Clinical Features and Past History: In the present study, patients under study present with difficulty in breathing in 45 patients (56.5%), cyanosis in 20 (25%), spell in 2 (2.5%), and dyspnea with cyanosis in 13 patients (16%). Most commonly, patients presenting complaint was difficulty in breathing. Patients under this study maximally have a negative past history, i.e., no past events in 57 patients (71.25%). Patients with a positive past history commonly present with lower respiratory tract infections in 10 patients (12.5%), spell in 6 (7.5%), convulsions in 6 (7.5%), and Acute gastro enteritis (AGE) in 1 (1.25%). The clinical symptoms we observed in the study by Karthiga et al.[16] were fever (52 [78.79%]), breathlessness (48 [72.73%]), feeding problem (12 [18.18%]), and cyanosis (12 [18.18%]). Poor weight gain was presentation in 8 (12.12%) cases and 14 (21.21%) patients presented with other symptoms.

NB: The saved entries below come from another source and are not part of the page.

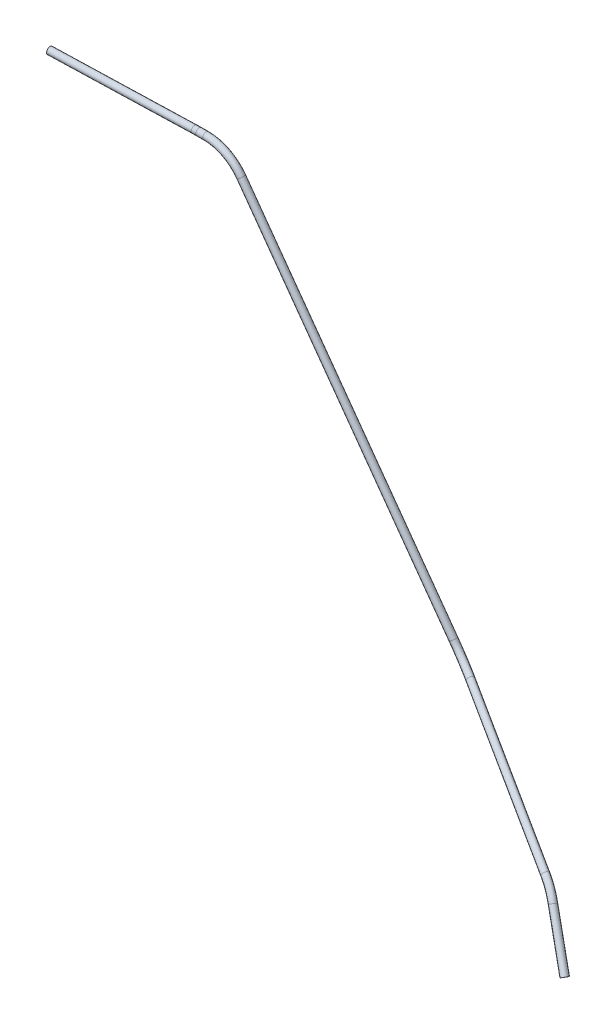
ISO-10303-21;
HEADER;
FILE_DESCRIPTION(('STEP AP214'),'2;1');
FILE_NAME('part.step','',(''),(''),'','','');
FILE_SCHEMA(('AUTOMOTIVE_DESIGN { 1 0 10303 214 1 1 1 1 }'));
ENDSEC;
DATA;
#1=APPLICATION_CONTEXT('core data for automotive mechanical design processes');
#2=APPLICATION_PROTOCOL_DEFINITION('international standard','automotive_design',2000,#1);
#3=PRODUCT_CONTEXT('',#1,'mechanical');
#4=PRODUCT('Part','Part','',(#3));
#5=PRODUCT_RELATED_PRODUCT_CATEGORY('part','',(#4));
#6=PRODUCT_DEFINITION_FORMATION('','',#4);
#7=PRODUCT_DEFINITION_CONTEXT('part definition',#1,'design');
#8=PRODUCT_DEFINITION('design','',#6,#7);
#9=PRODUCT_DEFINITION_SHAPE('','',#8);
#10=(LENGTH_UNIT() NAMED_UNIT(*) SI_UNIT(.MILLI.,.METRE.));
#11=(NAMED_UNIT(*) PLANE_ANGLE_UNIT() SI_UNIT($,.RADIAN.));
#12=(NAMED_UNIT(*) SI_UNIT($,.STERADIAN.) SOLID_ANGLE_UNIT());
#13=UNCERTAINTY_MEASURE_WITH_UNIT(LENGTH_MEASURE(1.E-05),#10,'distance_accuracy_value','');
#14=(GEOMETRIC_REPRESENTATION_CONTEXT(3) GLOBAL_UNCERTAINTY_ASSIGNED_CONTEXT((#13)) GLOBAL_UNIT_ASSIGNED_CONTEXT((#10,
#11,#12)) REPRESENTATION_CONTEXT('',''));
#15=CARTESIAN_POINT('',(0.,0.,0.));
#16=DIRECTION('',(0.,0.,1.));
#17=DIRECTION('',(1.,0.,0.));
#18=AXIS2_PLACEMENT_3D('',#15,#16,#17);
#19=CARTESIAN_POINT('',(101.002175739405,-599.755205594837,230.412469579618));
#20=DIRECTION('',(-0.517226492968256,0.803755924768077,-0.2940291964618));
#21=DIRECTION('',(-0.840927934536774,-0.541147123170507,0.));
#22=AXIS2_PLACEMENT_3D('',#19,#20,#21);
#23=CYLINDRICAL_SURFACE('',#22,3.25000000000002);
#24=CARTESIAN_POINT('',(74.8506963081246,-559.116516703021,215.546064652563));
#25=DIRECTION('',(-0.517226492968257,0.803755924768077,-0.2940291964618));
#26=DIRECTION('',(-0.840927934536774,-0.541147123170507,0.));
#27=AXIS2_PLACEMENT_3D('',#24,#25,#26);
#28=CIRCLE('',#27,3.25000000000002);
#29=CARTESIAN_POINT('',(77.2244176611122,-557.187270732627,216.644225353048));
#30=VERTEX_POINT('',#29);
#31=EDGE_CURVE('E56',#30,#30,#28,.T.);
#32=ORIENTED_EDGE('',*,*,#31,.F.);
#33=EDGE_LOOP('',(#32));
#34=FACE_BOUND('',#33,.T.);
#35=CARTESIAN_POINT('',(101.002175739405,-599.755205594837,230.412469579618));
#36=DIRECTION('',(-0.517226492968257,0.803755924768077,-0.2940291964618));
#37=DIRECTION('',(-0.840927934536774,-0.541147123170507,0.));
#38=AXIS2_PLACEMENT_3D('',#35,#36,#37);
#39=CIRCLE('',#38,3.25000000000002);
#40=CARTESIAN_POINT('',(98.2691599521602,-601.513933745141,230.412469579618));
#41=VERTEX_POINT('',#40);
#42=EDGE_CURVE('E53',#41,#41,#39,.T.);
#43=ORIENTED_EDGE('',*,*,#42,.T.);
#44=EDGE_LOOP('',(#43));
#45=FACE_BOUND('',#44,.T.);
#46=ADVANCED_FACE('F32',(#34,#45),#23,.T.);
#47=CARTESIAN_POINT('',(50.2022544561093,-579.149578738563,204.142893789225));
#48=DIRECTION('',(-0.446125480558223,0.0399832536048781,0.894076839554555));
#49=DIRECTION('',(0.894792360269454,0.,0.446482510299585));
#50=AXIS2_PLACEMENT_3D('',#47,#48,#49);
#51=TOROIDAL_SURFACE('',#50,33.7476157082322,3.25000000000002);
#52=CARTESIAN_POINT('',(59.5045303471715,-546.867351487626,207.340867046766));
#53=DIRECTION('',(-0.851465377197375,0.288721042396508,-0.437774909184625));
#54=DIRECTION('',(-0.415558546357129,-0.880672964780801,0.227433998456134));
#55=AXIS2_PLACEMENT_3D('',#52,#53,#54);
#56=CIRCLE('',#55,3.25000000000002);
#57=CARTESIAN_POINT('',(60.4003683496937,-543.75847293832,207.648841784207));
#58=VERTEX_POINT('',#57);
#59=EDGE_CURVE('E59',#58,#58,#56,.T.);
#60=CARTESIAN_POINT('',(50.2022544561093,-579.149578738563,204.142893789225));
#61=DIRECTION('',(-0.446125480558223,0.0399832536048781,0.894076839554555));
#62=DIRECTION('',(0.894792360269454,0.,0.446482510299585));
#63=AXIS2_PLACEMENT_3D('',#60,#61,#62);
#64=CIRCLE('',#63,36.9976157082322);
#65=EDGE_CURVE('',#30,#58,#64,.T.);
#66=ORIENTED_EDGE('',*,*,#31,.T.);
#67=ORIENTED_EDGE('',*,*,#59,.F.);
#68=ORIENTED_EDGE('',*,*,#65,.T.);
#69=ORIENTED_EDGE('',*,*,#65,.F.);
#70=EDGE_LOOP('',(#66,#68,#67,#69));
#71=FACE_BOUND('',#70,.T.);
#72=ADVANCED_FACE('F116',(#71),#51,.T.);
#73=CARTESIAN_POINT('',(59.5045303471715,-546.867351487626,207.340867046766));
#74=DIRECTION('',(-0.851465377197374,0.28872104239651,-0.437774909184624));
#75=DIRECTION('',(-0.457247591259512,0.,0.889339440420459));
#76=AXIS2_PLACEMENT_3D('',#73,#74,#75);
#77=CYLINDRICAL_SURFACE('',#76,3.25000000000002);
#78=CARTESIAN_POINT('',(-88.3740637470724,-496.723607562824,131.310132464177));
#79=DIRECTION('',(-0.851465377197374,0.28872104239651,-0.437774909184624));
#80=DIRECTION('',(-0.415558546357131,-0.8806729647808,0.227433998456132));
#81=AXIS2_PLACEMENT_3D('',#78,#79,#80);
#82=CIRCLE('',#81,3.25000000000002);
#83=CARTESIAN_POINT('',(-88.565195435367,-499.590430924969,129.791155016027));
#84=VERTEX_POINT('',#83);
#85=EDGE_CURVE('E62',#84,#84,#82,.T.);
#86=ORIENTED_EDGE('',*,*,#85,.F.);
#87=EDGE_LOOP('',(#86));
#88=FACE_BOUND('',#87,.T.);
#89=ORIENTED_EDGE('',*,*,#59,.T.);
#90=EDGE_LOOP('',(#89));
#91=FACE_BOUND('',#90,.T.);
#92=ADVANCED_FACE('F120',(#88,#91),#77,.T.);
#93=CARTESIAN_POINT('',(-86.0221075332519,-461.446134315525,150.001792019456));
#94=DIRECTION('',(0.521102796682491,0.372210476417677,-0.768056792519025));
#95=DIRECTION('',(-0.827515118449738,0.,-0.561443433247835));
#96=AXIS2_PLACEMENT_3D('',#93,#94,#95);
#97=TOROIDAL_SURFACE('',#96,39.992623740836,3.25000000000002);
#98=CARTESIAN_POINT('',(-111.81602779237,-478.149064418346,124.406953529584));
#99=DIRECTION('',(-0.558989730042736,0.82887128869644,0.0224247292392106));
#100=DIRECTION('',(-0.822927536688462,-0.557888880989418,0.107472163038782));
#101=AXIS2_PLACEMENT_3D('',#98,#99,#100);
#102=CIRCLE('',#101,3.25000000000002);
#103=CARTESIAN_POINT('',(-113.912170355693,-479.506427795801,122.32698934341));
#104=VERTEX_POINT('',#103);
#105=EDGE_CURVE('E65',#104,#104,#102,.T.);
#106=CARTESIAN_POINT('',(-86.0221075332519,-461.446134315525,150.001792019456));
#107=DIRECTION('',(0.521102796682491,0.372210476417677,-0.768056792519025));
#108=DIRECTION('',(-0.827515118449738,0.,-0.561443433247835));
#109=AXIS2_PLACEMENT_3D('',#106,#107,#108);
#110=CIRCLE('',#109,43.2426237408361);
#111=EDGE_CURVE('',#84,#104,#110,.T.);
#112=ORIENTED_EDGE('',*,*,#85,.T.);
#113=ORIENTED_EDGE('',*,*,#105,.F.);
#114=ORIENTED_EDGE('',*,*,#111,.T.);
#115=ORIENTED_EDGE('',*,*,#111,.F.);
#116=EDGE_LOOP('',(#112,#114,#113,#115));
#117=FACE_BOUND('',#116,.T.);
#118=ADVANCED_FACE('F124',(#117),#97,.T.);
#119=CARTESIAN_POINT('',(-111.81602779237,-478.149064418346,124.406953529584));
#120=DIRECTION('',(-0.558989730042733,0.828871288696442,0.0224247292392128));
#121=DIRECTION('',(-0.829079773953369,-0.55913033223161,0.));
#122=AXIS2_PLACEMENT_3D('',#119,#120,#121);
#123=CYLINDRICAL_SURFACE('',#122,3.25000000000002);
#124=CARTESIAN_POINT('',(-307.52724560114,-187.948009552625,132.258208807749));
#125=DIRECTION('',(-0.558989730042734,0.828871288696442,0.0224247292392128));
#126=DIRECTION('',(-0.822927536688464,-0.557888880989416,0.107472163038782));
#127=AXIS2_PLACEMENT_3D('',#124,#125,#126);
#128=CIRCLE('',#127,3.25000000000002);
#129=CARTESIAN_POINT('',(-304.832428220866,-186.131957436262,132.307341257563));
#130=VERTEX_POINT('',#129);
#131=EDGE_CURVE('E68',#130,#130,#128,.T.);
#132=ORIENTED_EDGE('',*,*,#131,.F.);
#133=EDGE_LOOP('',(#132));
#134=FACE_BOUND('',#133,.T.);
#135=ORIENTED_EDGE('',*,*,#105,.T.);
#136=EDGE_LOOP('',(#135));
#137=FACE_BOUND('',#136,.T.);
#138=ADVANCED_FACE('F128',(#134,#137),#123,.T.);
#139=CARTESIAN_POINT('',(-340.694228742976,-210.299420215559,131.653501733121));
#140=DIRECTION('',(0.,-0.0270446415259619,0.999634226787344));
#141=DIRECTION('',(0.,-0.999634226787345,-0.0270446415259619));
#142=AXIS2_PLACEMENT_3D('',#139,#140,#141);
#143=TOROIDAL_SURFACE('',#142,40.,3.25000000000002);
#144=CARTESIAN_POINT('',(-340.694228742975,-170.314051144065,132.73528739416));
#145=DIRECTION('',(-1.,0.,0.));
#146=DIRECTION('',(0.,-0.995416463560507,0.0956350567140182));
#147=AXIS2_PLACEMENT_3D('',#144,#145,#146);
#148=CIRCLE('',#147,3.25000000000002);
#149=CARTESIAN_POINT('',(-340.694228742975,-167.065239907006,132.823182479119));
#150=VERTEX_POINT('',#149);
#151=EDGE_CURVE('E71',#150,#150,#148,.T.);
#152=CARTESIAN_POINT('',(-340.694228742976,-210.299420215559,131.653501733121));
#153=DIRECTION('',(0.,-0.0270446415259619,0.999634226787344));
#154=DIRECTION('',(0.,-0.999634226787345,-0.0270446415259619));
#155=AXIS2_PLACEMENT_3D('',#152,#153,#154);
#156=CIRCLE('',#155,43.25);
#157=EDGE_CURVE('',#130,#150,#156,.T.);
#158=ORIENTED_EDGE('',*,*,#131,.T.);
#159=ORIENTED_EDGE('',*,*,#151,.F.);
#160=ORIENTED_EDGE('',*,*,#157,.T.);
#161=ORIENTED_EDGE('',*,*,#157,.F.);
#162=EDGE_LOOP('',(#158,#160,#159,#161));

The clinical presentation of CHD varies according to the type and severity of the defect. In infancy and childhood, the usual presenting features are cyanosis, digital clubbing, murmur, syncope, squatting, heart failure, arrhythmia, and failure to thrive. The adolescent and adults present with heart failure, murmur, arrhythmia, cyanosis, hypertension, and late consequences of previous cardiac surgery (e.g., arrhythmia and heart failure).[17]

Breathlessness (60%), fatigue (54.8%), cough (43.5%), poor weight gain (41.7%), recurrent chest infection (34.8%), fever (28.7%), feeding problem (26.1%), palpitation (21.7%), cyanotic spell (13%), and convulsion 1.7% were the clinical presentations observed by Sharmin et al.[18] Respiratory symptoms are common in congenital heart diseases.[3] Recurrent respiratory tract infections were the most common symptom (40%) in a study by Smita et al.[19] in rural India during 2011–2013.

In a study by Sandeep et al.,[20] the most common examination finding was tachypnea (88%) followed by tachycardia (76%). Other findings were cyanosis (26%), fever (24%), and 6% of infants had edema. Vaidyanathan et al.[21] study also showed that of 476 cases with CHD, CHF was present in 194 patients (40.8%).

Anthropometry

Nutritional status of CCHD patients under this study is as follows: severe acute malnutrition was seen in 14 (17.5%) patients, moderate malnutrition in was seen in 15 (18.75%), patients 12 patients were undernourished (15%), and the rest 39 patients had normal nutritional status, i.e., 48.75%. A study by Hassan et al.[22] showed that underweight was present in 14.3%, stunting in 61.9%, and wasting in 23.8% in cases with CHD, and in control group, underweight was present in 20% of children, stunting in 70%, and wasting 10%. In their study, the prevalence of underweight and stunting was higher in controls than in cases which showed dissimilarity to the present study, in which the prevalence of underweight, stunting, and wasting was much higher in cases than controls.

Al-Asy et al.[23] study also showed similarity to the present study in which of 60 cases with CHD, body mass index (BMI) was significantly lower in cases than the control group (P = 0.001). In a Wishel and Ma'ala[24] study, of 65 cases with CHD, almost half of the samples (32 [49.2%]) were malnourished in relation to BMI for age.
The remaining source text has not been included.